§ **Exercise directions**
Which of the lines in the records below hold the string "defining"? Copy every one of them.

╭──

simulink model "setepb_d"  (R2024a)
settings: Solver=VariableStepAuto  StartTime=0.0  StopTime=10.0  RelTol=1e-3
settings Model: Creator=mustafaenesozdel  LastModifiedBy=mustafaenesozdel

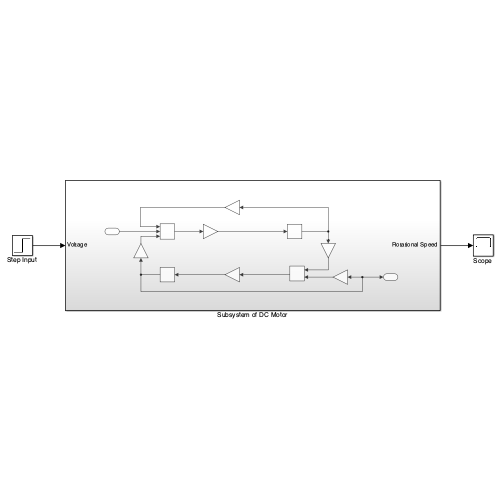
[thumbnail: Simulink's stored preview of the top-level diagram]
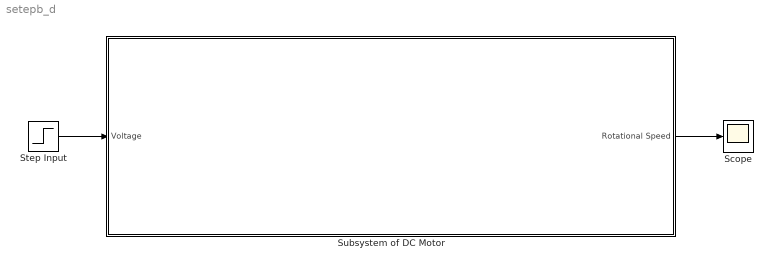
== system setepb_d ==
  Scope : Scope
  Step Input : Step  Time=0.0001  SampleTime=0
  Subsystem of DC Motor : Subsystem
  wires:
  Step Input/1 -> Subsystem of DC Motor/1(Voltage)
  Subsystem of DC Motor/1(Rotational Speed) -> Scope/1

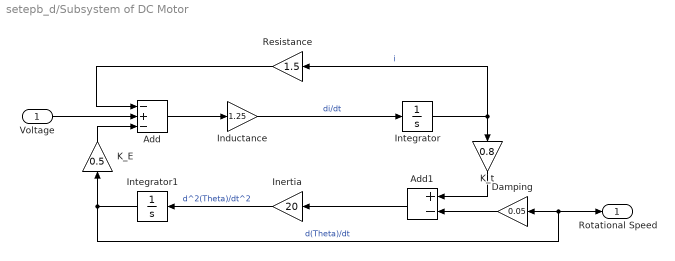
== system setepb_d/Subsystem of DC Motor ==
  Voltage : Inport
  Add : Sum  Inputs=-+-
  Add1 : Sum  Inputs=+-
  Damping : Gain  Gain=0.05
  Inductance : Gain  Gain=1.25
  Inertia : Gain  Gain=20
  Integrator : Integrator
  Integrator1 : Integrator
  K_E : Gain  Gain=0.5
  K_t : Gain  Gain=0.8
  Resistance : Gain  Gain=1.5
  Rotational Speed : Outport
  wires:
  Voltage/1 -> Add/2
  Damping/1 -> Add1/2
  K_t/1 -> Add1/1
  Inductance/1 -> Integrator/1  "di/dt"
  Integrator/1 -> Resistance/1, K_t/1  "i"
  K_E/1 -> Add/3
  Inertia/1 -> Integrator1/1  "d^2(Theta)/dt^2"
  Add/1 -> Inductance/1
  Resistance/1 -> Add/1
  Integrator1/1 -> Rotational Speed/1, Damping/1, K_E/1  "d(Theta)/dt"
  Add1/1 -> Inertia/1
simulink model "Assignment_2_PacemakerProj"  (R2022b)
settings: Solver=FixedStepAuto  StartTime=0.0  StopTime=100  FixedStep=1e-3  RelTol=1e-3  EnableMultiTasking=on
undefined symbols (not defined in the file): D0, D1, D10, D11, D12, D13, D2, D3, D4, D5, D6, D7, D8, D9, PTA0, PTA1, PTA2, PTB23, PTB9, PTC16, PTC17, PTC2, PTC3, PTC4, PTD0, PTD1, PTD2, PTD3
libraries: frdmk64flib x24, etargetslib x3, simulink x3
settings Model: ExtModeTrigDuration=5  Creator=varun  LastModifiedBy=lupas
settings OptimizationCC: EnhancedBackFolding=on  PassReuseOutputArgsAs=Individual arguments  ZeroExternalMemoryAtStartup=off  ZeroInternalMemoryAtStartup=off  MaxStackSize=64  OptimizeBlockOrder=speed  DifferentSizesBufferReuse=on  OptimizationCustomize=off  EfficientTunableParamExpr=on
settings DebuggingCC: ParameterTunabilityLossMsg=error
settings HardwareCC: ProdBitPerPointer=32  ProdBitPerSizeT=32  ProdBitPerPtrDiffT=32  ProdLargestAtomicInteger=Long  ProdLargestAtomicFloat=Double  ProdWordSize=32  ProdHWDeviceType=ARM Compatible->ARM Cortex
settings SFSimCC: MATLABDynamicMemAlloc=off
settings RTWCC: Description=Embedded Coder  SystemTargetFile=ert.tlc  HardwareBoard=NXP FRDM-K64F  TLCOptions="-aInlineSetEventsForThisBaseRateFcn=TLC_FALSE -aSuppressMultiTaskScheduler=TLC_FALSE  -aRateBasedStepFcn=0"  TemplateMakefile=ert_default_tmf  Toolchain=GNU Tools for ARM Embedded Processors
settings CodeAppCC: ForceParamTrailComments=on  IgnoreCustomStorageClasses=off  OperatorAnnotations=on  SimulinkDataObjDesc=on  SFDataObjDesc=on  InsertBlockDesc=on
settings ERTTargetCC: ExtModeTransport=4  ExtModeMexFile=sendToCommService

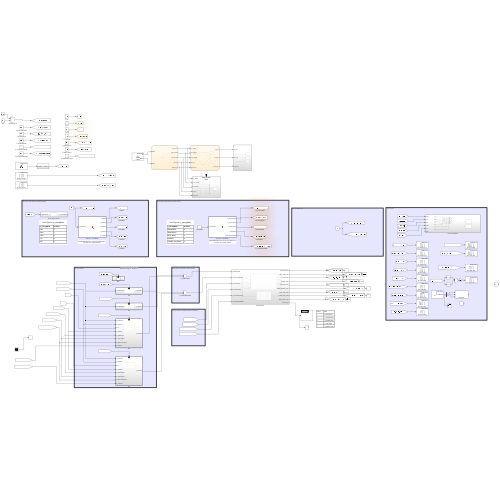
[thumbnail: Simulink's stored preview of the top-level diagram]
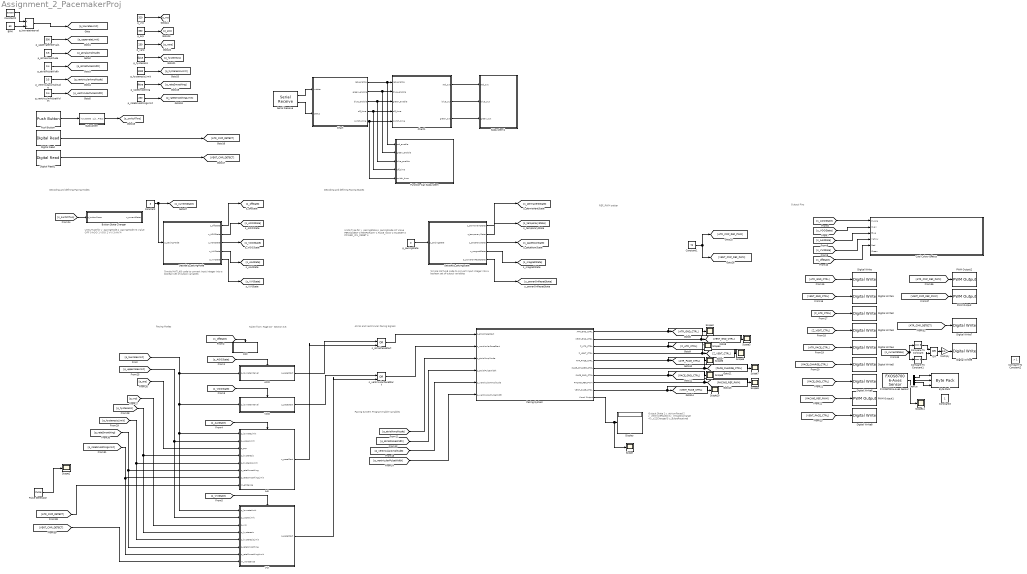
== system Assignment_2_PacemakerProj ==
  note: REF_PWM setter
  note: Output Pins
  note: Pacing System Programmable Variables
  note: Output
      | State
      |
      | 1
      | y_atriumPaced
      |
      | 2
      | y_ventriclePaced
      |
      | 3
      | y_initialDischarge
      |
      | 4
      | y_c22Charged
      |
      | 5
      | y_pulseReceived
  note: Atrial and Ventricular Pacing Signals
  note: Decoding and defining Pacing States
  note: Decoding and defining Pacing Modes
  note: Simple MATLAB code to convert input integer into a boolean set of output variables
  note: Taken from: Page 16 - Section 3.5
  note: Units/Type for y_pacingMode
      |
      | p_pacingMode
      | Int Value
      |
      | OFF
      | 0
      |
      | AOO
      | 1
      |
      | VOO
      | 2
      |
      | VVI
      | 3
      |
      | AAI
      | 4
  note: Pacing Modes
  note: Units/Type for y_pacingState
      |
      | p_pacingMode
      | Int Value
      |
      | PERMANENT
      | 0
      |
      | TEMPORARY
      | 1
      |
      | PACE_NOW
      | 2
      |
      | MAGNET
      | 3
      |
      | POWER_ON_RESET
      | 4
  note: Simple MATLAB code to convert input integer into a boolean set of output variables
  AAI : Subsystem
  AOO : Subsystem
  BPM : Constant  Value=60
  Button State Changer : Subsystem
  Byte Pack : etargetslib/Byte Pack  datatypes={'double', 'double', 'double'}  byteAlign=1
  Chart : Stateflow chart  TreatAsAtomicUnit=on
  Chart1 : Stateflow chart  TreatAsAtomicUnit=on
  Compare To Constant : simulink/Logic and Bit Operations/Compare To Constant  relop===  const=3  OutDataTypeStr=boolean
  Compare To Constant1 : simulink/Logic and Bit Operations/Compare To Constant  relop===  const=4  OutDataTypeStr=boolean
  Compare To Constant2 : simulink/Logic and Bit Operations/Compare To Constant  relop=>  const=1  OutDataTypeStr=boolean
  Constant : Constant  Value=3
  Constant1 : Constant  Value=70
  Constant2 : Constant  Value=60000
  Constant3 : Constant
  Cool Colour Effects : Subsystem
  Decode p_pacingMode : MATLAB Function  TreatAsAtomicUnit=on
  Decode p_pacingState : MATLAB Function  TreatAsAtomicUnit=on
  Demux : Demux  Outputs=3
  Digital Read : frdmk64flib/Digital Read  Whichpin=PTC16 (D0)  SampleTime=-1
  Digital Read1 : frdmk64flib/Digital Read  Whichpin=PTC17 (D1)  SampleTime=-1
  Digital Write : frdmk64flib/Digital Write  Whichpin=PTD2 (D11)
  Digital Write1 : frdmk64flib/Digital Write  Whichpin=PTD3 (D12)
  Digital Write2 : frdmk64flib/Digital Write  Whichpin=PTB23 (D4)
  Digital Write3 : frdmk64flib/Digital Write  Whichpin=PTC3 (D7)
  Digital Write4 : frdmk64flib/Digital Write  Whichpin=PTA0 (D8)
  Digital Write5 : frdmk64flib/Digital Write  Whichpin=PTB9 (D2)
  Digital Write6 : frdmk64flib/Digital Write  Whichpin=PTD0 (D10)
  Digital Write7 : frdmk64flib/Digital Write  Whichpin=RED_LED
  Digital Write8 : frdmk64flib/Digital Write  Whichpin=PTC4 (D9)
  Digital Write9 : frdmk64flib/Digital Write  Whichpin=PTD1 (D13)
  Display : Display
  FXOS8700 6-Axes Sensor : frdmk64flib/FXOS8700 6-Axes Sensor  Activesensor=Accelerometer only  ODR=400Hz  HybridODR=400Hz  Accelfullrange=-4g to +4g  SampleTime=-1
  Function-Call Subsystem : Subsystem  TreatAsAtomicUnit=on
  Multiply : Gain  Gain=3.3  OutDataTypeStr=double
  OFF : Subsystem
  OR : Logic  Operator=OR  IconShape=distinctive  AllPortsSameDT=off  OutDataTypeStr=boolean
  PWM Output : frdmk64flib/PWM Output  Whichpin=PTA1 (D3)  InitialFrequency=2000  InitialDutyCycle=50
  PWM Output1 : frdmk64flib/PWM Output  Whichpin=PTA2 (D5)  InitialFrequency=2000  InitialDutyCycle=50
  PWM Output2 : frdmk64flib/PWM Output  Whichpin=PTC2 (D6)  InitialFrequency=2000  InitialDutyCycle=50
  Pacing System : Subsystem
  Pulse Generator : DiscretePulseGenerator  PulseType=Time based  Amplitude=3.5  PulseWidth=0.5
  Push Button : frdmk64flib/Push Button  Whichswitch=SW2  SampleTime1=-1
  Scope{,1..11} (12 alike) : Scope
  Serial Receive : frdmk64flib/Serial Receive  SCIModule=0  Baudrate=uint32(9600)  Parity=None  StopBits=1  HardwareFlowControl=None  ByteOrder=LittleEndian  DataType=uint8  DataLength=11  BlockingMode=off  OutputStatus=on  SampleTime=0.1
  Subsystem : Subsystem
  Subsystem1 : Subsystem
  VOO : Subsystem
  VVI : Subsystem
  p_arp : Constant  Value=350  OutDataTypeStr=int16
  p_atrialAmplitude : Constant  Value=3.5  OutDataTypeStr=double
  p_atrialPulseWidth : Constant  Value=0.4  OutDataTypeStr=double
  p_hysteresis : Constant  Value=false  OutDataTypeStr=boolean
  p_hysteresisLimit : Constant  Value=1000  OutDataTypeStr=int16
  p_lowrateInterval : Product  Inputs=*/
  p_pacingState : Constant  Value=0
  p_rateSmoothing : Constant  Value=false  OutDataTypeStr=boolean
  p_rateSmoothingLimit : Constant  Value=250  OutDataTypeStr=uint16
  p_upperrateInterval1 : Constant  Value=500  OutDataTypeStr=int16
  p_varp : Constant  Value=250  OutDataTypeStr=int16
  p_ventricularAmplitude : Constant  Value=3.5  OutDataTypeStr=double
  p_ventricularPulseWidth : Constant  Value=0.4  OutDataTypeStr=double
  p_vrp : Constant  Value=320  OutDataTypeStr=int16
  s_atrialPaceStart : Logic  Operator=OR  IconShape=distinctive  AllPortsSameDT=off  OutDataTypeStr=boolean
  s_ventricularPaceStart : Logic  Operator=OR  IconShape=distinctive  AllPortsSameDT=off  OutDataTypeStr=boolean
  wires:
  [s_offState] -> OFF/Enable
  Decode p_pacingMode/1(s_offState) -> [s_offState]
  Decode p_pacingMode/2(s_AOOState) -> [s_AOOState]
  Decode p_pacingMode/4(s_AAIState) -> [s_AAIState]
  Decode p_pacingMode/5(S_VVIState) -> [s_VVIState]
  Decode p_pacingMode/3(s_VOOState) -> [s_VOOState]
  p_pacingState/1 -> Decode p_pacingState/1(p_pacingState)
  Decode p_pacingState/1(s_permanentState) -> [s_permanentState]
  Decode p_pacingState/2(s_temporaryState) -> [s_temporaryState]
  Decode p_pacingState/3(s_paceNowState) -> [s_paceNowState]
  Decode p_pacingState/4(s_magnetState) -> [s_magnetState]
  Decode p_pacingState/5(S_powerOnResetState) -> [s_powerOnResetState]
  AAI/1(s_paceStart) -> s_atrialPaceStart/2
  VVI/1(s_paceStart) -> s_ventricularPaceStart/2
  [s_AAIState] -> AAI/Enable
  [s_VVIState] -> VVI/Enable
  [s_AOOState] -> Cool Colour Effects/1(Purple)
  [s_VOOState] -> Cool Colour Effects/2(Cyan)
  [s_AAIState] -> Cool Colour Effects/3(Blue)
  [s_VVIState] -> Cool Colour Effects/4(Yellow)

╰──

§ **Answer area**
  note: Decoding and defining Pacing States
  note: Decoding and defining Pacing Modes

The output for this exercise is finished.